Adesso ti faccio una domanda più “personale”: nella tua vita professionale, quali esperienze hanno influito sulla tua identità di artista?

Un’esperienza molto formativa è stata aver visitato spesso New York, città ricca di cliché ma anche di cose inaspettate. Dal punto di vista umano mi sono sentita molto coinvolta. Dal punto di vista artistico, invece, si tratta chiaramente di una città molto predisposta all’arte contemporanea. Lì, non si vive nel passato, ma nel presente e ci si proietta nel futuro. Un quartiere che ho amato molto è Bushwick, a Brooklyn. Non è posto turistico con luoghi belli e peculiari, ma ci sono molti street artist che interagiscono con il territorio, ridefinendolo e rivalutandolo. Ma allo stesso tempo lì si può toccare con mano la decadenza della storia del posto. Molti altri quartieri di Brooklyn invece sono diventati più artistici e ricchi, perdendo però molto in termini di autenticità. Anche Bushwick sta evolvendo, ma la popolazione resta medio-povera.

                                                                                                         

Abbiamo parlato molto della tua arte, ma adesso vorrei che ci dicessi quali artisti ti ispirano, sia dell’oggi che del passato.

La forma per me è la cosa più importante. Fra i moderni, la sintesi compiuta da Piero della Francesca secondo me è assolutamente contemporanea. La madonna della misericordia è una delle mie opere preferite. La madonna di Senigallia, invece, mostra come la forma può dire tutto senza essere distrutta dal pathos.

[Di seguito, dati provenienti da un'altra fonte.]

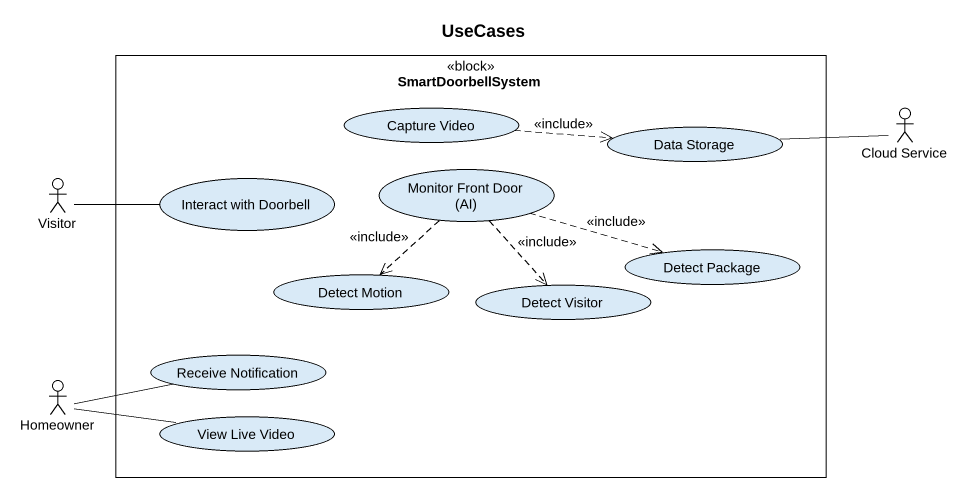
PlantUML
@startuml
title UseCases
rectangle SmartDoorbellSystem <<block>> {
  usecase "Capture Video" as Capture_Video
  usecase "Data Storage" as Data_Storage
  usecase "Interact with Doorbell" as Interact_with_Doorbell
  usecase "Monitor Front Door (AI)" as Monitor_Front_Door_AI
  usecase "Detect Motion" as Detect_Motion
  usecase "Detect Visitor" as Detect_Visitor
  usecase "Detect Package" as Detect_Package
  usecase "Receive Notification" as Receive_Notification
  usecase "View Live Video" as View_Live_Video
}
actor "Cloud Service" as Cloud_Service
actor Visitor
actor Homeowner
Capture_Video .right.> Data_Storage : <<include>>
Cloud_Service -left- Data_Storage
Visitor -right- Interact_with_Doorbell
Monitor_Front_Door_AI ..> Detect_Motion : <<include>>
Monitor_Front_Door_AI ..> Detect_Visitor : <<include>>
Monitor_Front_Door_AI .right.> Detect_Package : <<include>>
Homeowner -right- Receive_Notification
Homeowner -right- View_Live_Video
@enduml

Se devo parlare di artisti viventi, invece, penso soprattutto a Erik Kessels. Soprattutto perché oggi un artista contemporaneo deve lavorare su più linguaggi, non perdendo tuttavia la propria identità, traducendola piuttosto. Secondo me, lui riesce a restare se stesso utilizzando ogni medium, lavorando anche in contesti molto diversi. Poi altri nomi… penso a Andrea Samory, artista italiano che opera in Giappone. I riferimenti alla cultura giapponese da lui proposti mi ispirano tantissimo, come attraverso le scelte cromatiche. La cultura orientale nei suoi lavori emerge con tutta la radicalità di un mondo altro. Gli aspetti legati alla comunicazione, inoltre, non sono standard, e c’è una forte ibridazione dei linguaggi che mi attrae tantissimo. Questo immaginario è molto vicino alla sensibilità dei miei lavori recenti. Poi altri nomi che mi vengono in mente sono Matthew Barney, Mike Kelley, Andreas Gursky, e Robert Gligorov.